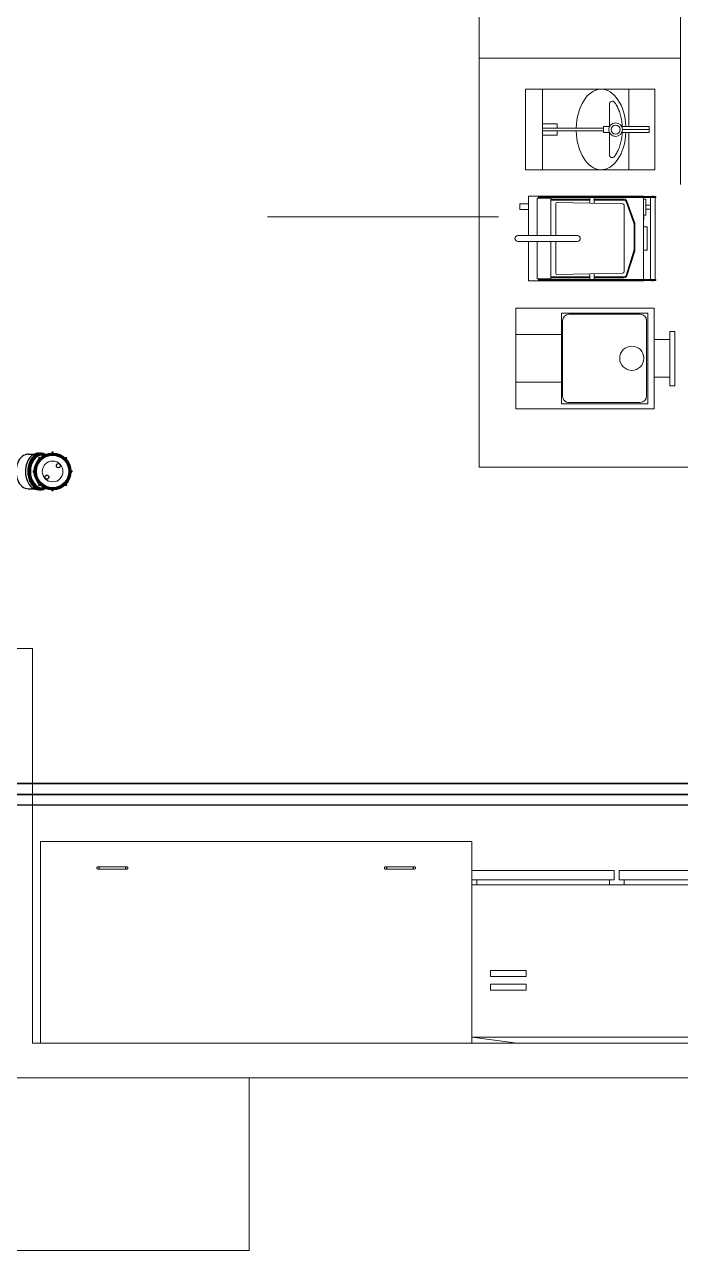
# Model space of a CAD drawing. Header units: metres. Extents: x 1587 to 89247, y -60 to 14723.
# Drawn here: x 51214 to 53494, y 6940 to 11198 of the extents above; entities that cross this region are included whole.
import ezdxf

# ---------------------------------------------------------------- set-up
doc = ezdxf.new("R2010")
doc.units = ezdxf.units.M
doc.header["$LTSCALE"] = 10
doc.linetypes.add('HIDDEN2', pattern=[4.7625, 3.175, -1.5875])
doc.layers.get('0').update_dxf_attribs({"color": 253, "lineweight": 0})
doc.layers.add('Furniture', color=7, linetype='Continuous', lineweight=13)
doc.layers.add('PL-DR-FITTING', color=3, linetype='Continuous', lineweight=0)
for name, color, linetype in [('SN-PV-75', 11, 'Continuous'), ('SN-PV-75-SingleLine', 3, 'Continuous'), ('SN-SEW', 5, 'Continuous')]:
    doc.layers.add(name, color=color, linetype=linetype)

# ---------------------------------------------------------------- blocks, each defined once
blk = doc.blocks.new('A$C70A3162A')
at = {"layer": 'Furniture'}
for p, q in [((0, 0.4269), (0.0944, 0.4396)), ((0.5056, 0.4396), (0.0944, 0.4396)), ((0.6, 0.4269), (0.5056, 0.4396)), ((0, 0.1096), (0, 0.4269)), ((0, 0.4269), (0, 0.1096)), ((0.6, 0.4269), (0, 0.4269)), ((0.6, 0.4269), (0, 0.4269)), ((0.6, 0.1096), (0.6, 0.4269)), ((0.6, 0.1096), (0.6, 0.4269)), ((0.5614, 0.3292), (0.4869, 0.3292)), ((0.4869, 0.3292), (0.4869, 0.3164)), ((0.4869, 0.3164), (0.5614, 0.3164)), ((0.5614, 0.3164), (0.5614, 0.3292)), ((0.5614, 0.301), (0.4869, 0.301)), ((0.4869, 0.301), (0.4869, 0.2881)), ((0.4869, 0.2881), (0.5614, 0.2881)), ((0.5614, 0.2881), (0.5614, 0.301)), ((0.6, 0.1096), (0, 0.1096)), ((0, 0.1096), (0.6, 0.1096)), ((0.0105, 0.0996), (0.0105, 0.1096)), ((0.2825, 0.0996), (0.2825, 0.1096)), ((0.313, 0.0996), (0.313, 0.1096)), ((0.59, 0.0996), (0.59, 0.1096)), ((0.293, 0.0996), (0, 0.0996)), ((0, 0.0996), (0, 0.0796)), ((0.293, 0.0796), (0, 0.0796)), ((0.293, 0.0796), (0.293, 0.0996)), ((0.303, 0.0796), (0.303, 0.0996)), ((0.6, 0.0996), (0.303, 0.0996)), ((0.6, 0.0996), (0.303, 0.0996)), ((0.303, 0.0796), (0.6, 0.0796)), ((0.6, 0.0796), (0.303, 0.0796)), ((0.6, 0.0796), (0.6, 0.0996)), ((0.6, 0.0796), (0.6, 0.0996))]:
    blk.add_line(p, q, dxfattribs=at)
blk = doc.blocks.new('fdfddsd')
at = {"layer": 'Furniture'}
for p, q in [((1373.6775, 52.1497), (1373.6775, 52.1322)), ((1373.6775, 52.1497), (1373.8655, 52.1497)), ((1373.8655, 52.1497), (1373.6775, 52.1497)), ((1373.6775, 52.1322), (1373.8655, 52.1322)), ((1373.6775, 52.1322), (1373.8655, 52.1322)), ((1373.7048, 52.0787), (1373.7048, 52.1322)), ((1373.8361, 52.0787), (1373.8361, 52.1322)), ((1373.8655, 52.1322), (1373.8655, 52.1497)), ((1373.5955, 52.0787), (1373.9455, 52.0787)), ((1373.5955, 51.5967), (1373.5955, 52.0787)), ((1373.9455, 52.0787), (1373.9455, 51.5967)), ((1373.5955, 51.9005), (1373.5955, 52.0387)), ((1373.613, 52.0562), (1373.928, 52.0562)), ((1373.613, 51.7555), (1373.613, 52.0562)), ((1373.6173, 51.7817), (1373.6173, 52.0299)), ((1373.6392, 52.0518), (1373.9017, 52.0518)), ((1373.9236, 51.7817), (1373.9236, 52.0299)), ((1373.928, 51.7555), (1373.928, 52.0562)), ((1373.613, 51.7555), (1373.928, 51.7555)), ((1373.6392, 51.7598), (1373.9017, 51.7598)), ((1373.6873, 51.5967), (1373.6873, 51.7555)), ((1373.8536, 51.5967), (1373.8536, 51.7555)), ((1373.9455, 51.5967), (1373.5955, 51.5967))]:
    blk.add_line(p, q, dxfattribs=at)
blk.add_circle((1373.7699, 52.0004), 0.0421, dxfattribs=at)
for centre, start, end in [((1373.6392, 52.0299), 90, 180), ((1373.9017, 52.0299), 360, 90), ((1373.6392, 51.7817), 180, 270), ((1373.9017, 51.7817), 270, 360)]:
    blk.add_arc(centre, 0.0219, start, end, dxfattribs=at)
blk = doc.blocks.new('dfdfddsfds')
at = {"layer": 'Furniture'}
for p, q in [((1372.5991, 52.1235), (1372.5991, 52.1035)), ((1372.6291, 52.1235), (1372.5991, 52.1235)), ((1373.0291, 52.1495), (1372.6291, 52.1495)), ((1372.6291, 52.1495), (1372.6291, 52.013)), ((1372.6591, 52.143), (1372.7071, 52.143)), ((1372.6591, 52.143), (1372.6591, 52.013)), ((1372.6641, 52.1485), (1373.0291, 52.1485)), ((1372.6641, 52.1455), (1372.6641, 52.1485)), ((1373.0291, 52.1455), (1372.6641, 52.1455)), ((1372.6701, 52.1485), (1372.6701, 52.1495)), ((1372.6701, 52.1455), (1372.6701, 52.143)), ((1372.6801, 52.1485), (1372.6801, 52.1495)), ((1372.6801, 52.1455), (1372.6801, 52.143)), ((1372.7071, 52.143), (1372.7071, 52.013)), ((1372.8426, 52.1395), (1372.7071, 52.1395)), ((1372.8426, 52.1365), (1372.7071, 52.1365)), ((1372.7241, 52.013), (1372.7241, 52.123)), ((1372.9571, 52.123), (1372.7292, 52.128)), ((1372.8426, 52.1455), (1372.8426, 52.1255)), ((1372.8576, 52.1455), (1372.8576, 52.1251)), ((1372.962, 52.1395), (1372.8576, 52.1395)), ((1372.8576, 52.1365), (1372.962, 52.1365)), ((1372.9621, 51.888), (1372.9621, 52.118)), ((1372.9686, 52.1318), (1372.9957, 52.0557)), ((1372.9985, 52.0567), (1372.9714, 52.1328)), ((1373.0291, 52.1485), (1373.0291, 52.1495)), ((1373.0581, 52.1485), (1373.0291, 52.1485)), ((1373.0291, 52.1455), (1373.0291, 52.14)), ((1373.0691, 52.1455), (1373.0291, 52.1455)), ((1373.0291, 52.0839), (1373.0291, 52.14)), ((1373.0291, 52.14), (1373.0366, 52.14)), ((1373.0366, 52.14), (1373.0366, 52.0839)), ((1373.0531, 52.119), (1373.0366, 52.119)), ((1373.0531, 51.8605), (1373.0531, 52.1455)), ((1373.0581, 52.1495), (1373.0581, 52.1485)), ((1373.0641, 52.1495), (1373.0581, 52.1495)), ((1373.0641, 52.1485), (1373.0581, 52.1485)), ((1373.0641, 52.1495), (1373.0641, 52.1485)), ((1373.0641, 52.1485), (1373.0721, 52.1485)), ((1373.0691, 52.1455), (1373.0721, 52.1455)), ((1373.0691, 51.8605), (1373.0691, 52.1455)), ((1373.0721, 52.1455), (1373.0721, 52.1485)), ((1372.5991, 52.1035), (1372.6291, 52.1035)), ((1373.0291, 52.0795), (1373.0291, 52.0839)), ((1373.0366, 52.0839), (1373.0291, 52.0839)), ((1373.0291, 52.0795), (1373.0291, 51.8605)), ((1373.0301, 52.0795), (1373.0291, 52.0795)), ((1373.0301, 52.0695), (1373.0291, 52.0695)), ((1373.0301, 52.0695), (1373.0301, 52.0795)), ((1373.0531, 52.105), (1373.0366, 52.105)), ((1372.9961, 52.0534), (1372.9961, 51.9623)), ((1372.9991, 51.9623), (1372.9991, 52.0534)), ((1373.0411, 52.043), (1373.0291, 52.043)), ((1373.0411, 51.963), (1373.0411, 52.043)), ((1372.6291, 52.013), (1372.5921, 52.013)), ((1372.5921, 51.993), (1372.6291, 51.993)), ((1372.7991, 52.013), (1372.6291, 52.013)), ((1372.6291, 51.993), (1372.7991, 51.993)), ((1372.6291, 51.8565), (1372.6291, 51.993)), ((1372.6591, 51.863), (1372.6591, 51.993)), ((1372.7071, 51.863), (1372.7071, 51.993)), ((1372.7241, 51.993), (1372.7241, 51.883)), ((1372.9957, 51.9602), (1372.9684, 51.8743)), ((1372.9713, 51.8734), (1372.9986, 51.9593)), ((1373.0411, 51.963), (1373.0291, 51.963)), ((1372.6291, 51.8565), (1373.0291, 51.8565)), ((1372.6591, 51.863), (1372.7071, 51.863)), ((1373.0291, 51.8605), (1372.6641, 51.8605)), ((1372.6641, 51.8575), (1372.6641, 51.8605)), ((1372.6641, 51.8575), (1373.0291, 51.8575)), ((1372.6701, 51.8605), (1372.6701, 51.863)), ((1372.6701, 51.8575), (1372.6701, 51.8565)), ((1372.6801, 51.8605), (1372.6801, 51.863)), ((1372.6801, 51.8575), (1372.6801, 51.8565)), ((1372.8426, 51.8695), (1372.7071, 51.8695)), ((1372.7071, 51.8665), (1372.8426, 51.8665)), ((1372.7292, 51.878), (1372.9571, 51.883)), ((1372.8426, 51.8605), (1372.8426, 51.8804)), ((1372.8576, 51.8605), (1372.8576, 51.8808)), ((1372.9618, 51.8695), (1372.8576, 51.8695)), ((1372.9618, 51.8665), (1372.8576, 51.8665)), ((1373.0691, 51.8605), (1373.0291, 51.8605)), ((1373.0581, 51.8575), (1373.0291, 51.8575)), ((1373.0291, 51.8565), (1373.0291, 51.8575)), ((1373.0641, 51.8575), (1373.0581, 51.8575)), ((1373.0581, 51.8565), (1373.0581, 51.8575)), ((1373.0641, 51.8565), (1373.0581, 51.8565)), ((1373.0641, 51.8575), (1373.0721, 51.8575)), ((1373.0641, 51.8565), (1373.0641, 51.8575)), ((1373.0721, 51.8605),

________________________

WORK TO COMPLETE
Could you repeat, exactly and with nothing else, the lines from the first line of the records through the line containing "doc.units = ezdxf.units.M"? Leave out the pictures.

RESULT OF THE TASK
# Model space of a CAD drawing. Header units: metres. Extents: x 1587 to 89247, y -60 to 14723.
# Drawn here: x 51214 to 53494, y 6940 to 11198 of the extents above; entities that cross this region are included whole.
import ezdxf

# ---------------------------------------------------------------- set-up
doc = ezdxf.new("R2010")
doc.units = ezdxf.units.M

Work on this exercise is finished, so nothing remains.